Light rail station in Charlotte, North Carolina

UNC Charlotte–Main is a light rail station on the LYNX Blue Line in Charlotte, North Carolina, United States. It opened on March 16, 2018, as part of the Blue Line extension to the UNC Charlotte campus, and serves as the line's northern terminus. The station features a single island platform and is located on the north side of Cameron Boulevard, adjacent to the university's main campus in University City.

==History==
The university entered into a partnership with the city government in 2005 to bring light rail to the campus. Construction on the station began in late 2014, and the foundation was completed by the end of 2015. The first test trains arrived at the station in June 2017.

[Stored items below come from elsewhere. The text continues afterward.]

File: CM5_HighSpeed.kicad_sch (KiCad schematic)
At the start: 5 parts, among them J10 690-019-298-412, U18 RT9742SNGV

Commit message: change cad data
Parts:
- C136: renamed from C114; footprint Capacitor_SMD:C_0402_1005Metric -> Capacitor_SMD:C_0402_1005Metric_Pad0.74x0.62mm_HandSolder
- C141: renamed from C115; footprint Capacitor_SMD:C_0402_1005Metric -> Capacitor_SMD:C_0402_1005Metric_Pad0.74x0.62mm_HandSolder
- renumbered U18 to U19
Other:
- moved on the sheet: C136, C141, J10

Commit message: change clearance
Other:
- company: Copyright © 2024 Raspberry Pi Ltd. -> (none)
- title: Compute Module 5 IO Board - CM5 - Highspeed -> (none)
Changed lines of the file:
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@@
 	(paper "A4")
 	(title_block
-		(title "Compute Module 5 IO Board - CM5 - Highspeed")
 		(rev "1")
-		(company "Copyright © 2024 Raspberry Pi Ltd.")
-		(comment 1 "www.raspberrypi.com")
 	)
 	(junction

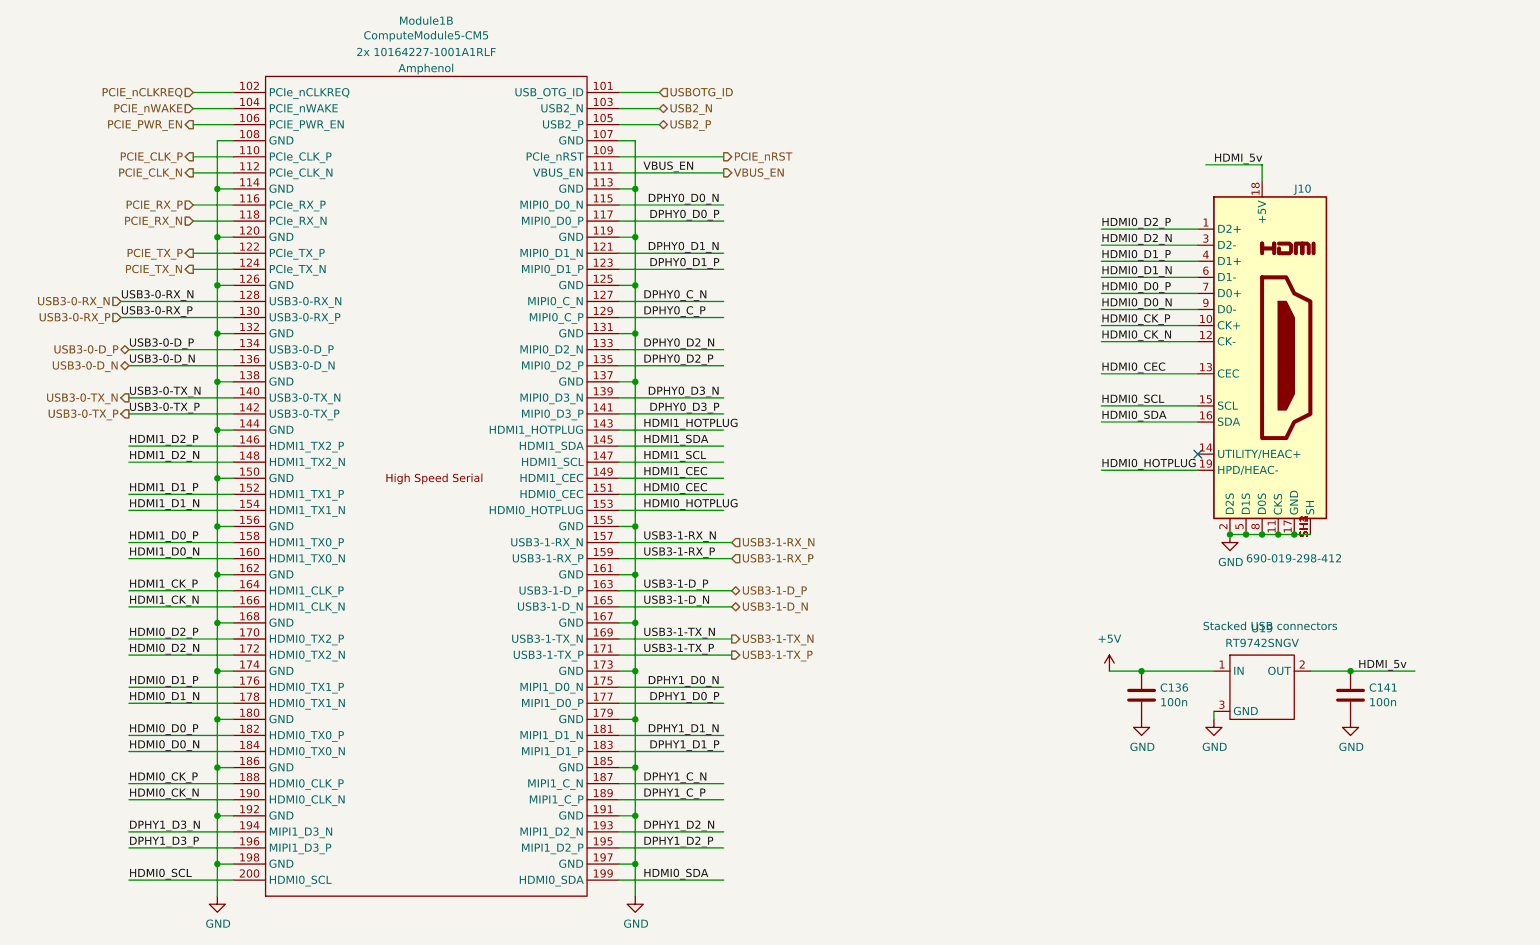
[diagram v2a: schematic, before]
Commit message: remove efuse
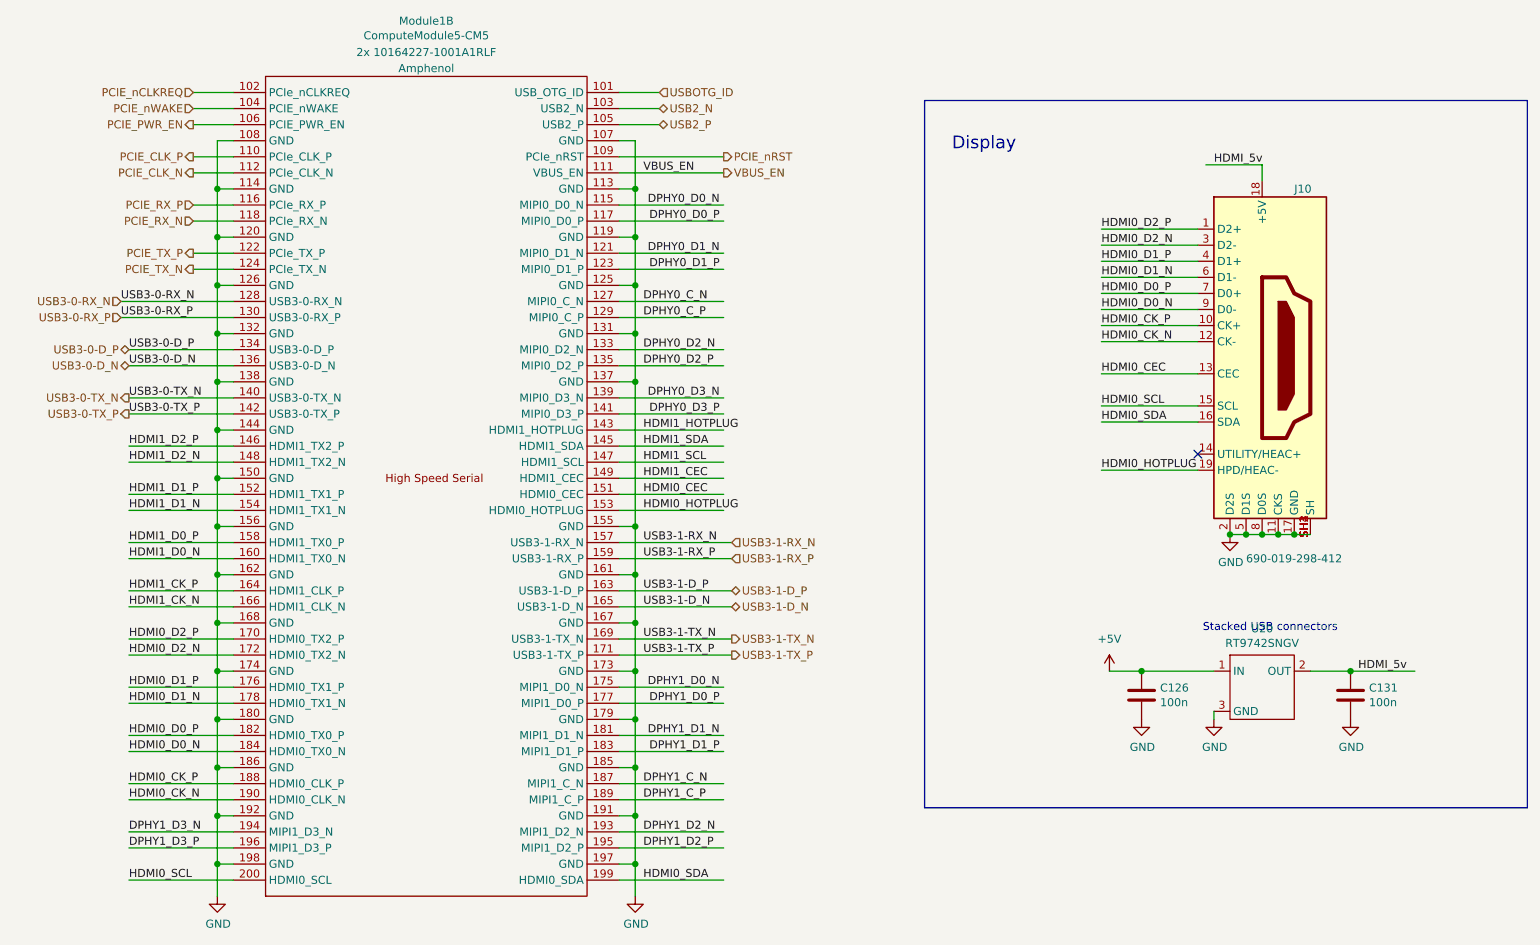
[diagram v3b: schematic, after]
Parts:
- renumbered C136 to C126, C141 to C131, U19 to U20
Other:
- note added: "Display"
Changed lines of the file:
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@@
+		)
+	)
+	(rectangle
+		(start 166.37 44.45)
+		(end 261.62 156.21)
+		(stroke
+			(width 0)
+			(type default)
+		)
+		(fill
+			(type none)
 		)
 	)
@@
 			)
 			(justify right bottom)
+		)
+	)
+	(text "Display"
+		(exclude_from_sim no)
+		(at 175.768 51.308 0)
+		(effects
+			(font
+				(size 2.007 2.007)
+			)
 		)
 	)
@@
 		(on_board yes)
 		(dnp no)
-		(property "Reference" "C141"
+		(property "Reference" "C131"
 			(at 236.601 137.2616 0)
 			(effects
@@
 			(project "CM5IO"
 				(path "/dd07ab80-a59c-44f4-ac7d-849e21e1384e/5e5501ac-41c8-4cac-b3fc-c2c46c035d54"
-					(reference "C141")
+					(reference "C131")
 					(unit 1)
 				)
@@
 		(on_board yes)
 		(dnp no)
-		(property "Reference" "C136"
+		(property "Reference" "C126"
 			(at 203.581 137.2616 0)
 			(effects
@@
 			(project "CM5IO"
 				(path "/dd07ab80-a59c-44f4-ac7d-849e21e1384e/5e5501ac-41c8-4cac-b3fc-c2c46c035d54"
-					(reference "C136")
+					(reference "C126")
 					(unit 1)
 				)
@@
 		(on_board yes)
 		(dnp no)
-		(property "Reference" "U19"
+		(property "Reference" "U20"
 			(at 219.71 127.889 0)
 			(effects
@@
 			(project "CM5IO"
 				(path "/dd07ab80-a59c-44f4-ac7d-849e21e1384e/5e5501ac-41c8-4cac-b3fc-c2c46c035d54"
-					(reference "U19")
+					(reference "U20")
 					(unit 1)
 				)

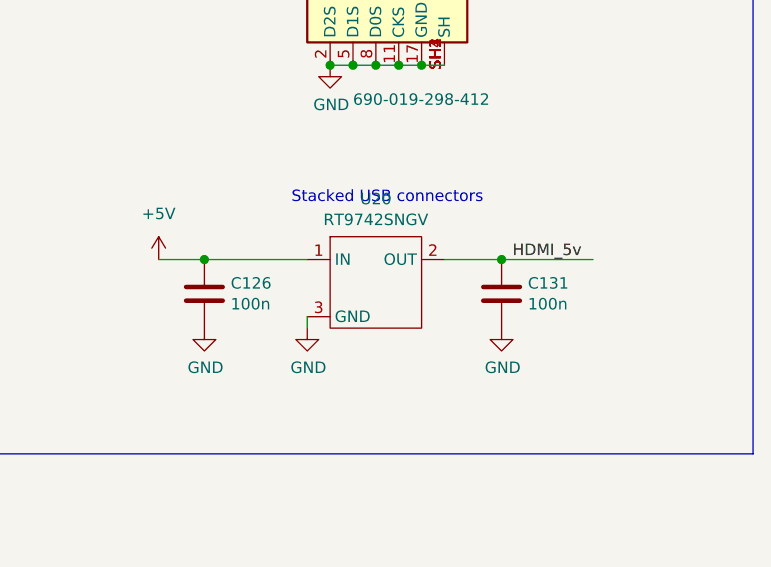
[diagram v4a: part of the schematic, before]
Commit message: add sata capacitor
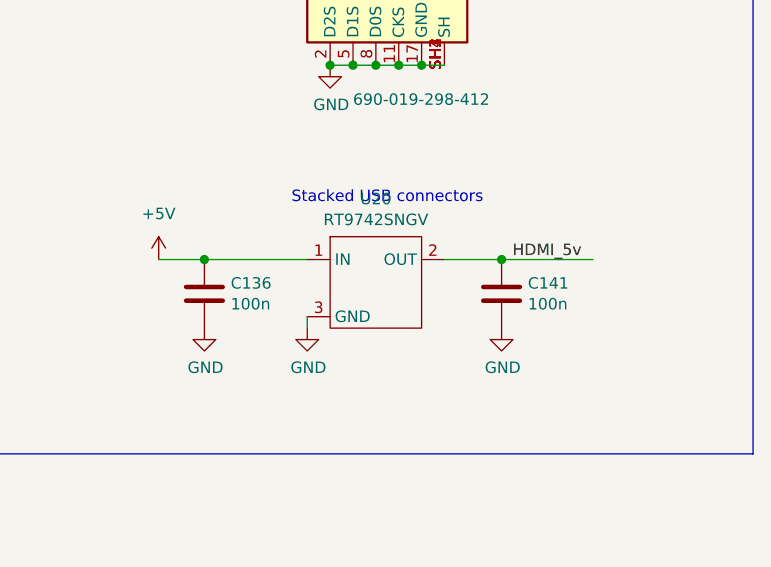
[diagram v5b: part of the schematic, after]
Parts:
- renumbered C126 to C136, C131 to C141

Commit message: add logo
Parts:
- Module1: value ComputeModule5-CM5 -> Compute Module 5
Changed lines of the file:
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@@
 			)
 		)
-		(property "Value" "ComputeModule5-CM5"
+		(property "Value" "Compute Module 5"
 			(at 87.63 34.1884 0)
 			(effects

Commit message: end route
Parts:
- renumbered C136 to C109, C141 to C110, J10 to J11, U20 to U18
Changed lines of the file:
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@@
 		(on_board yes)
 		(dnp no)
-		(property "Reference" "J10"
+		(property "Reference" "J11"
 			(at 224.79 58.42 0)
 			(effects
@@
 			(project "CM5IO"
 				(path "/dd07ab80-a59c-44f4-ac7d-849e21e1384e/5e5501ac-41c8-4cac-b3fc-c2c46c035d54"
-					(reference "J10")
+					(reference "J11")
 					(unit 1)
 				)
@@
 		(on_board yes)
 		(dnp no)
-		(property "Reference" "C141"
+		(property "Reference" "C110"
 			(at 236.601 137.2616 0)
 			(effects
@@
 			(project "CM5IO"
 				(path "/dd07ab80-a59c-44f4-ac7d-849e21e1384e/5e5501ac-41c8-4cac-b3fc-c2c46c035d54"
-					(reference "C141")
+					(reference "C110")
 					(unit 1)
 				)
@@
 		(on_board yes)
 		(dnp no)
-		(property "Reference" "C136"
+		(property "Reference" "C109"
 			(at 203.581 137.2616 0)
 			(effects
@@
 			(project "CM5IO"
 				(path "/dd07ab80-a59c-44f4-ac7d-849e21e1384e/5e5501ac-41c8-4cac-b3fc-c2c46c035d54"
-					(reference "C136")
+					(reference "C109")
 					(unit 1)
 				)
@@
 		(on_board yes)
 		(dnp no)
-		(property "Reference" "U20"
+		(property "Reference" "U18"
 			(at 219.71 127.889 0)
 			(effects
@@
 			(project "CM5IO"
 				(path "/dd07ab80-a59c-44f4-ac7d-849e21e1384e/5e5501ac-41c8-4cac-b3fc-c2c46c035d54"
-					(reference "U20")
-					(unit 1)
-				)
+					(reference "U18")
+					(unit 1)
+				)

The Blue Line extension opened on March 16, 2018, and the inaugural train departed from UNC Charlotte–Main station at 10 a.m. A ribbon cutting ceremony was conducted at the station a month earlier to celebrate the university's involvement in the light rail project.

==Public art==
UNC Charlotte–Main station features public art from Mikyoung Kim, a Boston-based urban designer commissioned by CATS. Her firm designed a "dynamic" sculpture placed in the station's main plaza, consisting of two long, deformed benches that provide seating. The plaza faces the UNC Charlotte Student Union building and includes a crosswalk on Cameron Boulevard.